Cyberattacks on Health Systems are on the Rise: How to mitigate tech-related risks

Technology is revolutionizing the healthcare industry in several ways. From electronic charts to billings and collections, digital tools are ubiquitous. Meanwhile, data analytics is becoming a crucial tool for improving both operational decisions and the patient experience. However, with the rise of technology comes concerns about financial, physical, internet, and data security. There have been multiple instances of major healthcare systems suffering ransomware attacks. Along with disrupting services, breaches to health systems often impact sensitive data. Once healthcare system breaches are discovered, it often turns out that a lack of strict policy enforcement is to blame. As healthcare systems become increasingly digitized and interconnected, ensuring the security of patient data becomes paramount. The recent Change Healthcare cyberattack serves as a stark reminder of the vulnerabilities present in healthcare IT systems. Given the high stakes involved, healthcare organizations must prioritize robust cybersecurity measures, including safeguarding financial assets, protecting physical infrastructure, and fortifying defenses against cyber threats. In many cases, working with a strong financial partner can help healthcare systems mitigate those risks.

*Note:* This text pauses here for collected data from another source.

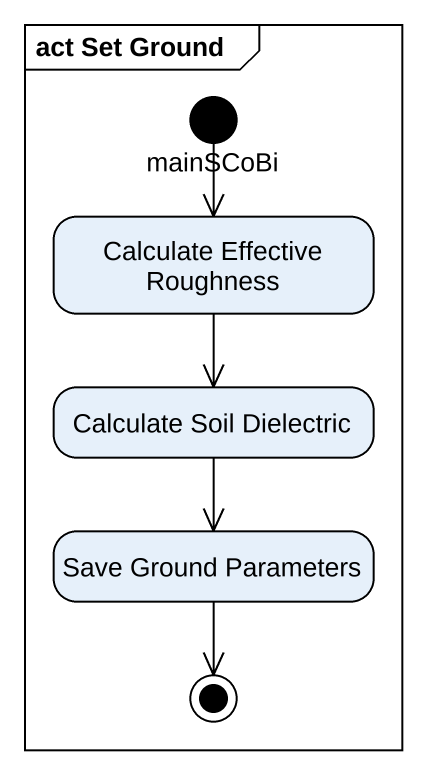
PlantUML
@startuml
mainframe act Set Ground
hide empty description
state mainSCoBi <<start>>
state "Calculate Effective Roughness" as Calculate_Effective
state "Calculate Soil Dielectric" as Calculate_Soil_Dielectric
state "Save Ground Parameters" as Save_Ground_Parameters
mainSCoBi --> Calculate_Effective
Calculate_Effective --> Calculate_Soil_Dielectric
Calculate_Soil_Dielectric --> Save_Ground_Parameters
Save_Ground_Parameters --> [*]
@enduml
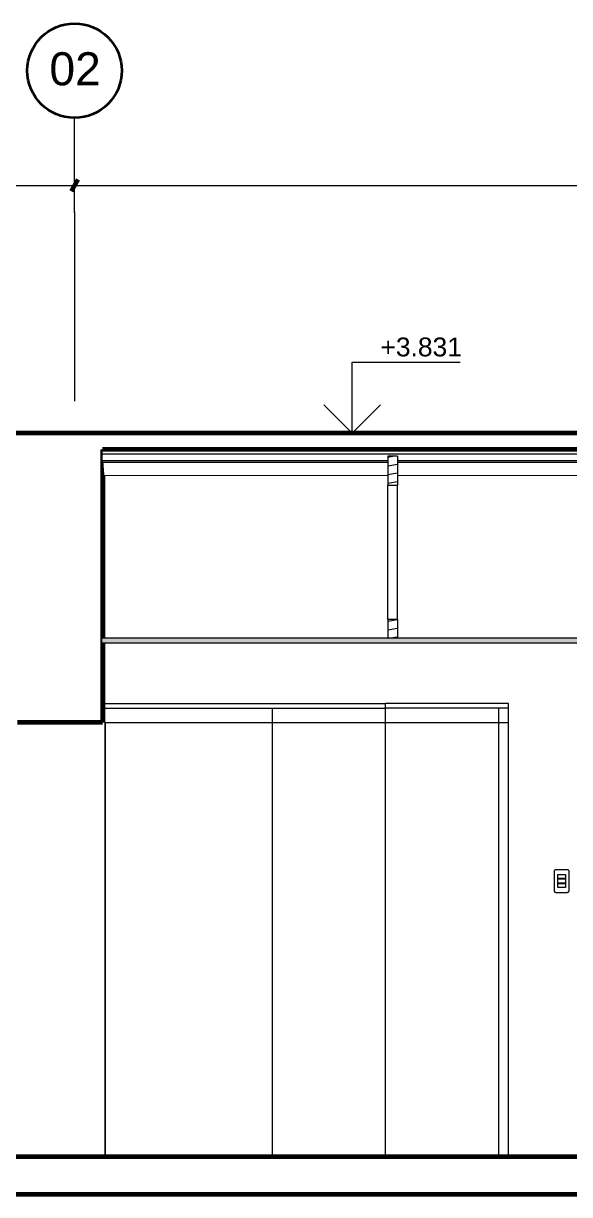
# Model space of a CAD drawing. Header units: metres. Extents: x 48 to 635, y -15 to 39.
# Drawn here: x 520.64 to 523.53, y -14.8 to -8.6 of the extents above; entities that cross this region are included whole.
import ezdxf

# ---------------------------------------------------------------- set-up
doc = ezdxf.new("R2010")
doc.units = ezdxf.units.M
doc.header["$MEASUREMENT"] = 0
doc.linetypes.add('Wipeout_Contour', pattern=[1, 0, -1])
for name, color, linetype in [('Dimensioning - General', 7, 'Continuous'), ('Interior - Furniture', 7, 'Continuous'), ('Shell - Roof', 7, 'Continuous'), ('Site & Landscape - Terrain', 7, 'Continuous'), ('Structural - Bearing', 7, 'Continuous'), ('Structural - Grid', 7, 'Continuous')]:
    doc.layers.add(name, color=color, linetype=linetype)
doc.styles.add('GENERATED_STYLE_1', font='')
doc.styles.get('GENERATED_STYLE_1').set_extended_font_data('Arial')
doc.dimstyles.new('GENERATED_STYLE__7', dxfattribs={"dimtxt": 0.1, "dimasz": 0.0475, "dimexe": 0.18, "dimexo": 0.0625, "dimgap": 0.09, "dimtad": 3, "dimtih": 1, "dimtoh": 1, "dimzin": 0, "dimdsep": 46, "dimtxsty": 'GENERATED_STYLE_1', "dimblk": 'ARROWHEAD_2', "dimblk1": 'ARROWHEAD_2', "dimblk2": 'ARROWHEAD_2', "dimcen": 0.09, "dimclrd": 256, "dimclre": 256, "dimclrt": 5, "dimazin": 0, "dimtfac": 1, "dimtdec": 4, "dimtmove": 0, "dimatfit": 3, "dimfxl": 1, "dimtolj": 1, "dimtzin": 0, "dimarcsym": 0})
pattern_1 = [(10, (535.77004, -14.601266), (-0.00781417, 0.04431635), [])]

# ---------------------------------------------------------------- blocks, each defined once
blk = doc.blocks.new('*D138', base_point=(535.77, -14.6013))
at = {"layer": 'Dimensioning - General', "color": 151, "linetype": 'Continuous', "lineweight": 20, "true_color": 0x80c2ff}
for p, q in [((518.0227, -9.5054), (518.0227, -9.4116)), ((520.91, -9.5054), (520.91, -9.4116)), ((518.0227, -9.4585), (520.91, -9.4585))]:
    blk.add_line(p, q, dxfattribs=at)
at = {"layer": 'Dimensioning - General', "color": 7, "linetype": 'Continuous', "lineweight": 60}
for p, q in [((518.0407, -9.4273), (518.0046, -9.4898)), ((520.928, -9.4273), (520.8919, -9.4898))]:
    blk.add_line(p, q, dxfattribs=at)
at = {"layer": 'Dimensioning - General', "color": 5, "lineweight": 25, "insert": (519.3333, -9.5785), "char_height": 0.1, "attachment_point": 7, "style": 'GENERATED_STYLE_1'}
blk.add_mtext('\\A1;{\\pql;\\fArial|b0|i0|c0|p34;2.89}', dxfattribs=at)
blk = doc.blocks.new('ARROWHEAD_2')
at = {"color": 0, "linetype": 'Continuous', "lineweight": 0}
for p, q in [((0, 0), (-1, 0)), ((-0.38, -0.66), (0.38, 0.66))]:
    blk.add_line(p, q, dxfattribs=at)
blk = doc.blocks.new('*D139', base_point=(535.77, -14.6013))
at = {"layer": 'Dimensioning - General', "color": 151, "linetype": 'Continuous', "lineweight": 20, "true_color": 0x80c2ff}
for p, q in [((520.91, -9.5054), (520.91, -9.4116)), ((529.315, -9.5054), (529.315, -9.4116)), ((520.91, -9.4585), (529.315, -9.4585)), ((529.315, -9.4585), (529.3456, -9.4585))]:
    blk.add_line(p, q, dxfattribs=at)
at = {"layer": 'Dimensioning - General', "color": 7, "linetype": 'Continuous', "lineweight": 60}
for p, q in [((520.928, -9.4273), (520.8919, -9.4898)), ((529.297, -9.4898), (529.333, -9.4273))]:
    blk.add_line(p, q, dxfattribs=at)
at = {"layer": 'Dimensioning - General', "color": 5, "lineweight": 25, "insert": (524.9795, -9.5785), "char_height": 0.1, "attachment_point": 7, "style": 'GENERATED_STYLE_1'}
blk.add_mtext('\\A1;{\\pql;\\fArial|b0|i0|c0|p34;8.41}', dxfattribs=at)

msp = doc.modelspace()

# ---------------------------------------------------------------- linework, layer by layer
at = {"layer": 'Dimensioning - General', "color": 7, "linetype": 'Continuous', "lineweight": 13}
msp.add_line((522.3804, -10.3954), (522.9528, -10.3954), dxfattribs=at)
at = {"layer": 'Structural - Grid', "color": 104, "linetype": 'Continuous', "lineweight": 13, "true_color": 0x029e21}
for p, q in [((520.91, -9.6013), (520.91, -9.1013)), ((520.91, -9.6013), (520.91, -10.1013)), ((520.91, -10.1013), (520.91, -10.6013))]:
    msp.add_line(p, q, dxfattribs=at)
at = {"layer": 'Structural - Grid', "color": 7, "linetype": 'Continuous', "lineweight": 35}
msp.add_circle((520.91, -8.8513), 0.25, dxfattribs=at)
at = {"layer": 'Structural - Grid', "color": 104, "linetype": 'Continuous', "lineweight": 13, "true_color": 0x029e21}
msp.add_point((520.91, -9.6013), dxfattribs=at)
msp.add_point((520.91, -9.6013), dxfattribs=at)

# ---------------------------------------------------------------- texts
at = {"layer": 'Dimensioning - General', "color": 5, "lineweight": 25, "insert": (522.5304, -10.3654), "char_height": 0.1, "attachment_point": 7, "style": 'GENERATED_STYLE_1'}
msp.add_mtext('\\A1;{\\pql;\\fArial|b0|i0|c0|p34;+3.831}', dxfattribs=at)
at = {"layer": 'Structural - Grid', "color": 7, "lineweight": 13, "insert": (520.7772, -8.8427), "char_height": 0.175, "attachment_point": 4, "style": 'GENERATED_STYLE_1'}
msp.add_mtext('\\A1;{\\pql;\\pt0;\\fArial|b0|i0|c0|p34;02}', dxfattribs=at)

# ---------------------------------------------------------------- dimensions: what is measured, and where the dimension line sits
at = {"layer": 'Dimensioning - General', "color": 151, "linetype": 'Continuous', "lineweight": 20, "true_color": 0x80c2ff}
for base, p1, p2, picture, middle in [((520.91, -9.4585), (518.0227, -9.4585), (520.91, -9.4585), '*D138', (519.4632, -9.5285)), ((529.315, -9.4585), (520.90997, -9.4585), (529.315, -9.4585), '*D139', (525.10934, -9.5285))]:
    dim = msp.add_linear_dim(base=base, p1=p1, p2=p2, dimstyle='GENERATED_STYLE__7', dxfattribs=at)
    dim.commit()
    dim.dimension.update_dxf_attribs({"geometry": picture, "text_midpoint": middle, "dimtype": 160})

# ---------------------------------------------------------------- wipeouts: each hides what was drawn before it
at = {"color": 254, "linetype": 'Wipeout_Contour', "lineweight": 0, "ltscale": 2093.424842}
msp.add_wipeout([(523.2077, -14.6013), (523.2077, -12.2263), (523.1577, -12.2263), (523.1577, -14.6013)], dxfattribs=at).dxf.layer = 'Interior - Furniture'
at = {"color": 254, "linetype": 'Wipeout_Contour', "lineweight": 0, "ltscale": 2094.621551}
msp.add_wipeout([(523.4696, -13.1542), (523.4696, -13.1765), (523.5096, -13.1765), (523.5096, -13.1542)], dxfattribs=at).dxf.layer = 'Interior - Furniture'
at = {"color": 254, "linetype": 'Wipeout_Contour', "lineweight": 0, "ltscale": 2087.777831}
msp.add_wipeout([(521.0682, -10.9923), (521.0682, -11.8563), (522.5697, -11.8563), (522.5697, -10.9923)], dxfattribs=at).dxf.layer = 'Structural - Bearing'
at = {"color": 254, "linetype": 'Wipeout_Contour', "lineweight": 0, "ltscale": 2095.201207}
msp.add_wipeout([(522.6197, -11.8563), (524.7308, -11.8563), (524.7308, -10.9923), (522.6197, -10.9923)], dxfattribs=at).dxf.layer = 'Structural - Bearing'

# ---------------------------------------------------------------- next in the draw order: linework, layer by layer
at = {"layer": 'Interior - Furniture', "color": 55, "linetype": 'Continuous', "lineweight": 13, "true_color": 0xa2a233}
for p, q in [((523.4498, -13.1913), (523.45, -13.1932)), ((523.45, -13.1932), (523.4505, -13.1951)), ((523.4505, -13.1951), (523.4514, -13.1968)), ((523.4514, -13.1968), (523.4527, -13.1983)), ((523.4527, -13.1983), (523.4542, -13.1996)), ((523.4542, -13.1996), (523.4559, -13.2005)), ((523.4559, -13.2005), (523.4578, -13.2011)), ((523.4578, -13.2011), (523.4598, -13.2013)), ((523.4598, -13.2013), (523.5198, -13.2013)), ((523.5198, -13.2013), (523.5217, -13.2011)), ((523.5217, -13.2011), (523.5236, -13.2005)), ((523.5236, -13.2005), (523.5253, -13.1996)), ((523.5253, -13.1996), (523.5268, -13.1983)), ((523.5268, -13.1983), (523.5281, -13.1968)), ((523.5281, -13.1968), (523.529, -13.1951)), ((523.529, -13.1951), (523.5296, -13.1932)), ((523.5296, -13.1932), (523.5298, -13.1913))]:
    msp.add_line(p, q, dxfattribs=at)
at = {"layer": 'Structural - Bearing', "color": 251, "linetype": 'Continuous', "lineweight": 20, "true_color": 0x6a6a6a}
for p, q in [((521.0682, -10.9923), (521.0682, -11.8563)), ((521.0682, -10.9923), (522.5697, -10.9923)), ((522.6197, -10.9923), (524.7308, -10.9923)), ((521.0682, -11.8813), (521.0682, -14.6013))]:
    msp.add_line(p, q, dxfattribs=at)

# ---------------------------------------------------------------- next in the draw order: wipeouts: each hides what was drawn before it
at = {"color": 254, "linetype": 'Wipeout_Contour', "lineweight": 0, "ltscale": 2090.877885}
msp.add_wipeout([(522.5697, -11.7563), (522.6197, -11.7563), (522.6197, -11.0474), (522.5697, -11.0474)], dxfattribs=at).dxf.layer = 'Interior - Furniture'
at = {"color": 254, "linetype": 'Wipeout_Contour', "lineweight": 0, "ltscale": 2094.619156}
msp.add_wipeout([(523.5096, -13.1303), (523.4696, -13.1303), (523.4696, -13.1527), (523.5096, -13.1527)], dxfattribs=at).dxf.layer = 'Interior - Furniture'

# ---------------------------------------------------------------- next in the draw order: linework, layer by layer
at = {"layer": 'Interior - Furniture', "color": 55, "linetype": 'Continuous', "lineweight": 13, "true_color": 0xa2a233}
msp.add_line((523.5096, -13.1765), (523.4696, -13.1765), dxfattribs=at)

# ---------------------------------------------------------------- next in the draw order: wipeouts: each hides what was drawn before it
at = {"color": 254, "linetype": 'Wipeout_Contour', "lineweight": 0, "ltscale": 2086.763782}
msp.add_wipeout([(521.0742, -12.3013), (521.0742, -14.6013), (521.9577, -14.6013), (521.9577, -12.3013)], dxfattribs=at).dxf.layer = 'Interior - Furniture'
at = {"color": 254, "linetype": 'Wipeout_Contour', "lineweight": 0, "ltscale": 2094.616766}
msp.add_wipeout([(523.5096, -13.1288), (523.5096, -13.1065), (523.4696, -13.1065), (523.4696, -13.1288)], dxfattribs=at).dxf.layer = 'Interior - Furniture'
at = {"color": 254, "linetype": 'Wipeout_Contour', "lineweight": 0, "ltscale": 2095.160677}
msp.add_wipeout([(524.7308, -10.9252), (522.6197, -10.9252), (522.6197, -10.9923), (524.7308, -10.9923)], dxfattribs=at).dxf.layer = 'Shell - Roof'

# ---------------------------------------------------------------- next in the draw order: linework, layer by layer
at = {"layer": 'Interior - Furniture', "color": 55, "linetype": 'Continuous', "lineweight": 13, "true_color": 0xa2a233}
for p, q in [((523.4578, -13.0815), (523.4559, -13.082)), ((523.4598, -13.0813), (523.4578, -13.0815)), ((523.5198, -13.0813), (523.4598, -13.0813)), ((523.5217, -13.0815), (523.5198, -13.0813)), ((523.5236, -13.082), (523.5217, -13.0815)), ((523.45, -13.0893), (523.4498, -13.0913)), ((523.4498, -13.0913), (523.4498, -13.1913)), ((523.4505, -13.0874), (523.45, -13.0893)), ((523.4514, -13.0857), (523.4505, -13.0874)), ((523.4527, -13.0842), (523.4514, -13.0857)), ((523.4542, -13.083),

Implementing stringent security protocols, encryption techniques, and access controls are imperative to safeguard sensitive patient information from unauthorized access or malicious attacks. Moreover, investing in cybersecurity training and awareness programs for staff is essential to mitigate human error, which remains a significant factor in data breaches. Discuss how your organization can access the tools it requires to continue to manage its financial operations during a cybersecurity incident. This includes:

• 

  Outlining the procedures for processing critical financial transactions (i.e., payroll, tax, and debt service payments) in the absence of access to the internet, email, phone systems, your organization’s enterprise resource planning (ERP) software, or your treasury management system

• 

  Ensure you have established multiple ways to access your banking services under emergency protocols. This may include accessing bank platforms from various geographic locations, nonstandard IP addresses, and alternate callback numbers.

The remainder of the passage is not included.